Listed records:
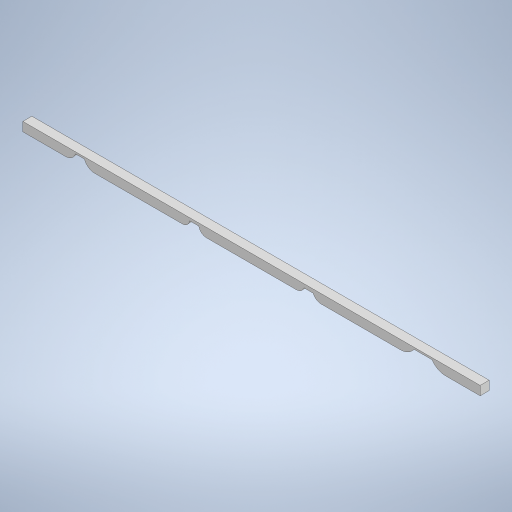
# Autodesk Inventor part: Hingetest
Saved by Autodesk Inventor 2023.1 (Build 271208000, 208)
## iProperties
Created: 2022-09-22
Part Number: Hingetest
Material: Generic
Document SubType Name: Modeling
Designer: Grimm
Density: 1 g/cm^3
Appearance: Default
Author: Grimm
Autodesk Inventor part; units mm, degrees
ref_plane "YZ Plane" through (0, 0, 0) normal (1, 0, 0) x (0, 1, 0)
ref_plane "XZ Plane" through (0, 0, 0) normal (0, 1, 0) x (-1, 0, 0)
ref_plane "XY Plane" through (0, 0, 0) normal (0, 0, 1) x (1, 0, 0)
sketch "Sketch1" plane through (0, 0, 0) normal (0, 0, 1) x (1, 0, 0)
  line L0 (-19.313, 5.3077) -> (234.687, 5.3077)
  line L1 (234.687, 5.3077) -> (234.687, 0.3077)
  line L2 (234.687, 0.3077) -> (-19.313, 0.3077)
  line L3 (-19.313, 0.3077) -> (-19.313, 5.3077)
  line L4 (44.187, 5.3077) -> (44.187, 0.3077) construction
  line L5 (171.187, 5.3077) -> (171.187, 0.3077) construction
  line L6 (107.687, 5.3077) -> (107.687, 0.3077) construction
  point P0 (0, 0)
  dimension "d0" = 254
  dimension "d1" = 5
  dimension "d2" = 63.5
  dimension "d3" = 63.5
  dimension "d4" = 63.5
  constraints: 14 end point, 4 perpendicular, 4 point on line, 2 midpoint, 2 parallel, 1 horizontal
  measures "d0" distance of L1.end L2.end
  measures "d1" distance of L0.end L1.end
  measures "d2" distance between parallel lines of L3 L4
  measures "d3" distance between parallel lines of L4 L6
  measures "d4" distance between parallel lines of L1 L5
extrude "Extrusion1" add sketch "Sketch1" along normal blind 5
sketch "Sketch2" plane through (0, 0, 0) normal (0, 0, -1) x (-1, 0, 0)
  line L0 (19.313, 0.3077) -> (-234.687, 0.3077) projected
  arc A0 (-20.4966, 0.3077) -> (-14.937, 4.3077) centre (-20.4966, 6.1713) ccw
  arc A1 (-9.937, 4.3077) -> (-4.3774, 0.3077) centre (-4.3774, 6.1713) ccw
  line L1 (-14.937, 4.3077) -> (-9.937, 4.3077)
  line L2 (19.313, 0.3077) -> (-234.687, 0.3077) projected
  line L3 (-234.687, 5.3077) -> (19.313, 5.3077) projected
  arc A2 (-82.7042, 0.3077) -> (-78.437, 3.8077) centre (-82.7042, 4.659) ccw
  arc A3 (-73.437, 3.8077) -> (-69.1698, 0.3077) centre (-69.1698, 4.659) ccw
  line L4 (-78.437, 3.8077) -> (-73.437, 3.8077)
  arc A4 (-146.3937, 0.3077) -> (-141.937, 3.3077) centre (-146.3937, 5.1181) ccw
  arc A5 (-136.937, 3.3077) -> (-132.4803, 0.3077) centre (-132.4803, 5.1181) ccw
  line L5 (-141.937, 3.3077) -> (-136.937, 3.3077)
  arc A6 (-215.504, 0.3077) -> (-207.937, 4.3077) centre (-215.504, 9.4651) ccw
  arc A7 (-197.937, 4.3077) -> (-190.37, 0.3077) centre (-190.37, 9.4651) ccw
  line L6 (-207.937, 4.3077) -> (-197.937, 4.3077)
  line L7 (19.313, 5.3077) -> (19.313, 0.3077) projected
  point P0 (0, 0)
  point P1 (19.313, 2.8077)
  point P2 (-12.437, 4.3077)
  point P3 (-75.937, 3.8077)
  point P4 (-139.437, 3.3077)
  point P5 (-202.937, 4.3077)
  point P6 (-82.7042, 0.3077)
  point P7 (-69.1698, 0.3077)
  point P8 (-146.3937, 0.3077)
  point P9 (-132.4803, 0.3077)
  point P10 (-215.504, 0.3077)
  point P11 (-190.37, 0.3077)
  dimension "d7" = 1
  dimension "d8" = 1.5
  dimension "d9" = 2
  dimension "d10" = 1
  dimension "d11" = 5
  dimension "d12" = 10
  dimension "d14" = 31.75
  dimension "d15" = 63.5
  dimension "d16" = 63.5
  dimension "d17" = 63.5
  constraints: 16 point on circle, 8 centre point, 8 end point, 5 midpoint, 5 tangent, 4 equal radius, 4 horizontal, 2 parallel, 2 point on line, 12 other
  measures "d7" distance between parallel lines of L3 L1
  measures "d8" distance between parallel lines of L3 L4
  measures "d9" distance between parallel lines of L3 L5
  measures "d10" distance between parallel lines of L3 L6
  measures "d11" distance of L1.start L1.end
  measures "d12" distance of L6.start L6.end
  measures "d14" distance from line of L7 point (-12.437, 4.308)
  measures "d15" horizontal distance of point (-12.437, 4.308) point (-75.937, 3.808)
  measures "d16" horizontal distance of point (-75.937, 3.808) point (-139.437, 3.308)
  measures "d17" horizontal distance of point (-139.437, 3.308) point (-202.937, 4.308)
extrude "Extrusion2" cut sketch "Sketch2" against normal through all
body "Solid1"

What the task requires: An exact, complete copy of the lines above from the one with "arc A4 (-146.3937, 0.3077)" through the one with "arc A7 (-197.937, 4.3077)" is the whole answer.

Answer to this exercise:
  arc A4 (-146.3937, 0.3077) -> (-141.937, 3.3077) centre (-146.3937, 5.1181) ccw
  arc A5 (-136.937, 3.3077) -> (-132.4803, 0.3077) centre (-132.4803, 5.1181) ccw
  line L5 (-141.937, 3.3077) -> (-136.937, 3.3077)
  arc A6 (-215.504, 0.3077) -> (-207.937, 4.3077) centre (-215.504, 9.4651) ccw
  arc A7 (-197.937, 4.3077) -> (-190.37, 0.3077) centre (-190.37, 9.4651) ccw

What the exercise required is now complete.